Work instructions: Those lines of the data that hold the word "linetype" are to be copied out.

Information provided:

================

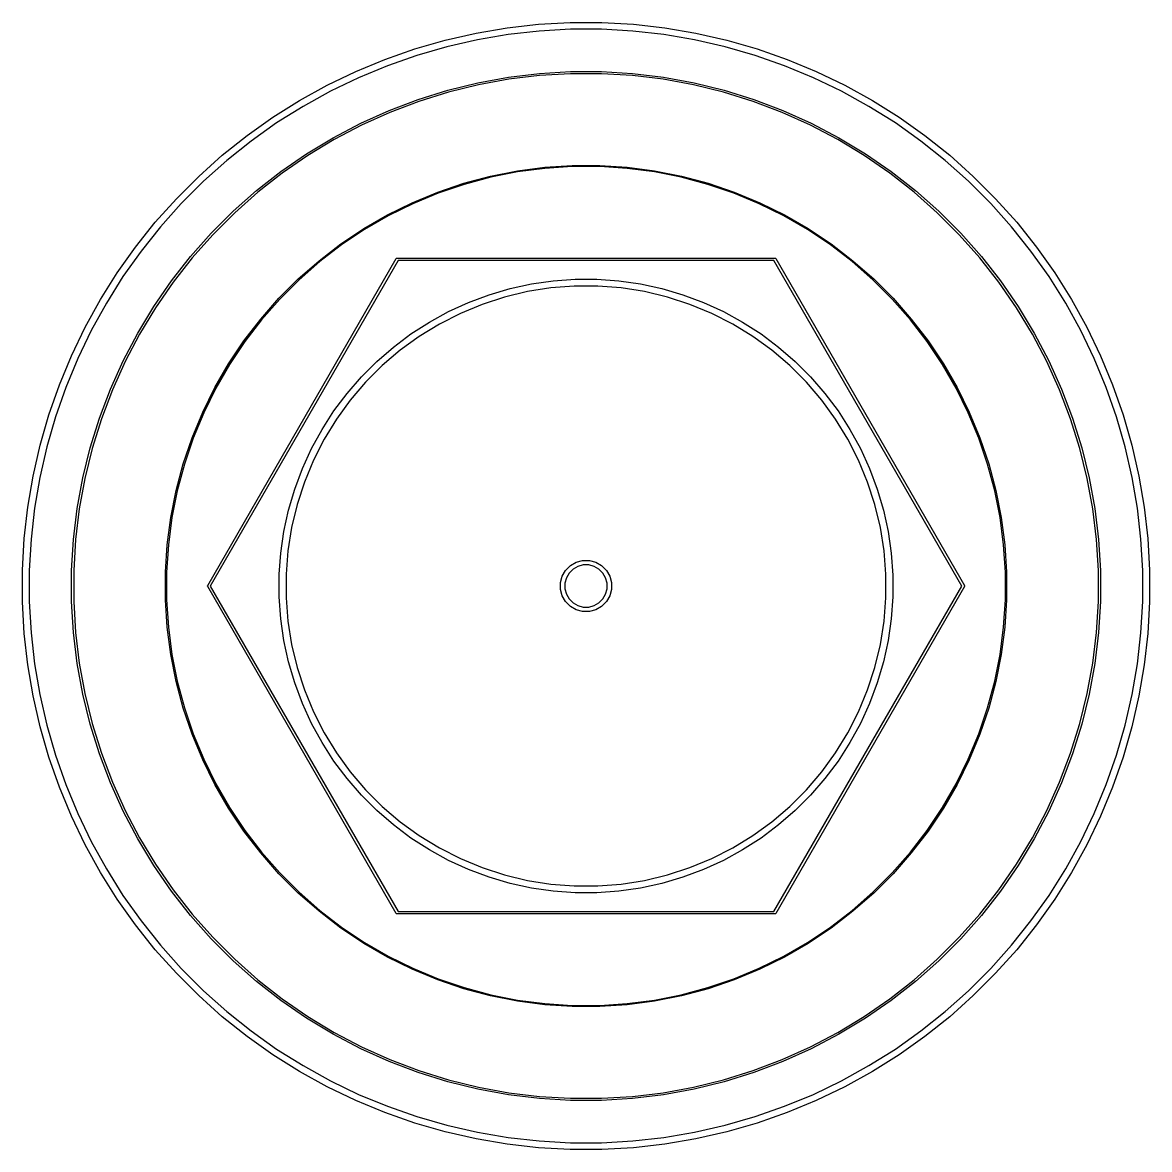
# Model space of a CAD drawing. Header units: inches. Extents: x 0.78 to 7.64, y -5.36 to -1.05.
# Drawn here: x 0.785 to 1.735, y -3.31 to -2.359 of the extents above; entities that cross this region are included whole.
import ezdxf

# ---------------------------------------------------------------- set-up
doc = ezdxf.new("R2010")
doc.units = ezdxf.units.IN
doc.header["$MEASUREMENT"] = 0
doc.layers.add('BLACK', color=250, linetype='CONTINUOUS')

msp = doc.modelspace()

# ---------------------------------------------------------------- linework, layer by layer
at = {"layer": 'BLACK', "linetype": 'CONTINUOUS'}
for p, q in [((1.1671, -2.36839), (1.19339, -2.36392)), ((1.19339, -2.36392), (1.21989, -2.36093)), ((1.21989, -2.36093), (1.24651, -2.35944)), ((1.24667, -2.36516), (1.22037, -2.36663)), ((1.24651, -2.35944), (1.27318, -2.35944)), ((1.27302, -2.36516), (1.24667, -2.36516)), ((1.29932, -2.36663), (1.27302, -2.36516)), ((1.27318, -2.35944), (1.2998, -2.36093)), ((1.2998, -2.36093), (1.3263, -2.36392)), ((1.3263, -2.36392), (1.35259, -2.36839)), ((1.11548, -2.3817), (1.1411, -2.37432)), ((1.1411, -2.37432), (1.1671, -2.36839)), ((1.16821, -2.374), (1.14253, -2.37986)), ((1.19419, -2.36958), (1.16821, -2.374)), ((1.22037, -2.36663), (1.19419, -2.36958)), ((1.3255, -2.36958), (1.29932, -2.36663)), ((1.35147, -2.374), (1.3255, -2.36958)), ((1.37716, -2.37986), (1.35147, -2.374)), ((1.35259, -2.36839), (1.37858, -2.37432)), ((1.37858, -2.37432), (1.40421, -2.3817)), ((1.09031, -2.39051), (1.11548, -2.3817)), ((1.14253, -2.37986), (1.11721, -2.38715)), ((1.40247, -2.38715), (1.37716, -2.37986)), ((1.40421, -2.3817), (1.42938, -2.39051)), ((1.06567, -2.40071), (1.09031, -2.39051)), ((1.11721, -2.38715), (1.09235, -2.39585)), ((1.42734, -2.39585), (1.40247, -2.38715)), ((1.42938, -2.39051), (1.45401, -2.40071)), ((1.04165, -2.41228), (1.06567, -2.40071)), ((1.09235, -2.39585), (1.06801, -2.40594)), ((1.19453, -2.40553), (1.22056, -2.40237)), ((1.22072, -2.40414), (1.1948, -2.40728)), ((1.22056, -2.40237), (1.24673, -2.40079)), ((1.24679, -2.40256), (1.22072, -2.40414)), ((1.24673, -2.40079), (1.27295, -2.40079)), ((1.2729, -2.40256), (1.24679, -2.40256)), ((1.29896, -2.40414), (1.2729, -2.40256)), ((1.27295, -2.40079), (1.29912, -2.40237)), ((1.32489, -2.40728), (1.29896, -2.40414)), ((1.29912, -2.40237), (1.32515, -2.40553)), ((1.45168, -2.40594), (1.42734, -2.39585)), ((1.45401, -2.40071), (1.47804, -2.41228)), ((1.01831, -2.42518), (1.04165, -2.41228)), ((1.06801, -2.40594), (1.04427, -2.41737)), ((1.14328, -2.41653), (1.16874, -2.41026)), ((1.16911, -2.41199), (1.14376, -2.41824)), ((1.16874, -2.41026), (1.19453, -2.40553)), ((1.1948, -2.40728), (1.16911, -2.41199)), ((1.35057, -2.41199), (1.32489, -2.40728)), ((1.32515, -2.40553), (1.35094, -2.41026)), ((1.37592, -2.41824), (1.35057, -2.41199)), ((1.35094, -2.41026), (1.3764, -2.41653)), ((1.47541, -2.41737), (1.45168, -2.40594)), ((1.47804, -2.41228), (1.50138, -2.42518)), ((1.04427, -2.41737), (1.02121, -2.43011)), ((1.11825, -2.42433), (1.14328, -2.41653)), ((1.14376, -2.41824), (1.11883, -2.42601)), ((1.40085, -2.42601), (1.37592, -2.41824)), ((1.3764, -2.41653), (1.40143, -2.42433)), ((1.49847, -2.43011), (1.47541, -2.41737)), ((0.99573, -2.43937), (1.01831, -2.42518)), ((1.02121, -2.43011), (0.99891, -2.44413)), ((1.09374, -2.43363), (1.11825, -2.42433)), ((1.11883, -2.42601), (1.09441, -2.43527)), ((1.42527, -2.43527), (1.40085, -2.42601)), ((1.40143, -2.42433), (1.42595, -2.43363)), ((1.52078, -2.44413), (1.49847, -2.43011)), ((1.50138, -2.42518), (1.52396, -2.43937)), ((0.97398, -2.4548), (0.99573, -2.43937)), ((1.06983, -2.44439), (1.09374, -2.43363)), ((1.09441, -2.43527), (1.0706, -2.44598)), ((1.44908, -2.44598), (1.42527, -2.43527)), ((1.42595, -2.43363), (1.44986, -2.44439)), ((1.52396, -2.43937), (1.5457, -2.4548)), ((0.99891, -2.44413), (0.97742, -2.45937)), ((1.04661, -2.45658), (1.06983, -2.44439)), ((1.0706, -2.44598), (1.04748, -2.45812)), ((1.4722, -2.45812), (1.44908, -2.44598)), ((1.44986, -2.44439), (1.47307, -2.45658)), ((1.54226, -2.45937), (1.52078, -2.44413)), ((0.95313, -2.47143), (0.97398, -2.4548)), ((0.97742, -2.45937), (0.95682, -2.4758)), ((1.02417, -2.47014), (1.04661, -2.45658)), ((1.04748, -2.45812), (1.02513, -2.47163)), ((1.49455, -2.47163), (1.4722, -2.45812)), ((1.47307, -2.45658), (1.49551, -2.47014)), ((1.56286, -2.4758), (1.54226, -2.45937)), ((1.5457, -2.4548), (1.56655, -2.47143)), ((1.00259, -2.48504), (1.02417, -2.47014)), ((1.49551, -2.47014), (1.51709, -2.48504)), ((0.93325, -2.4892), (0.95313, -2.47143)), ((0.95682, -2.4758), (0.93718, -2.49335)), ((1.02513, -2.47163), (1.00364, -2.48646)), ((1.22505, -2.48143), (1.24823, -2.47991)), ((1.24823, -2.47991), (1.27146, -2.47991)), ((1.27146, -2.47991), (1.29463, -2.48143)), ((1.51604, -2.48646), (1.49455, -2.47163)), ((1.58251, -2.49335), (1.56286, -2.4758)), ((1.56655, -2.47143), (1.58644, -2.4892)), ((0.91439, -2.50805), (0.93325, -2.4892)), ((0.98195, -2.50121), (1.00259, -2.48504)), ((1.00364, -2.48646), (0.98309, -2.50257)), ((1.15681, -2.49501), (1.17925, -2.489)), ((1.17947, -2.48996), (1.1571, -2.49596)), ((1.17925, -2.489), (1.20203, -2.48446)), ((1.20219, -2.48544), (1.17947, -2.48996)), ((1.20203, -2.48446), (1.22505, -2.48143)), ((1.22515, -2.48242), (1.20219, -2.48544)), ((1.24826, -2.48091), (1.22515, -2.48242)), ((1.27142, -2.48091), (1.24826, -2.48091)), ((1.29453, -2.48242), (1.27142, -2.48091)), ((1.3175, -2.48544), (1.29453, -2.48242)), ((1.29463, -2.48143), (1.31766, -2.48446)), ((1.34021, -2.48996), (1.3175, -2.48544)), ((1.31766, -2.48446), (1.34044, -2.489)), ((1.36258, -2.49596), (1.34021, -2.48996)), ((1.34044, -2.489), (1.36287, -2.49501)), ((1.5366, -2.50257), (1.51604, -2.48646)), ((1.51709, -2.48504), (1.53773, -2.50121)), ((1.58644, -2.4892), (1.60529, -2.50805)), ((0.93718, -2.49335), (0.91855, -2.51198)), ((1.13482, -2.50247), (1.15681, -2.49501)), ((1.1571, -2.49596), (1.13517, -2.5034)), ((1.38451, -2.5034), (1.36258, -2.49596)), ((1.36287, -2.49501), (1.38486, -2.50247)), ((1.60114, -2.51198), (1.58251, -2.49335)), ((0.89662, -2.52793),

================

Finished exercise:
doc.layers.add('BLACK', color=250, linetype='CONTINUOUS')
at = {"layer": 'BLACK', "linetype": 'CONTINUOUS'}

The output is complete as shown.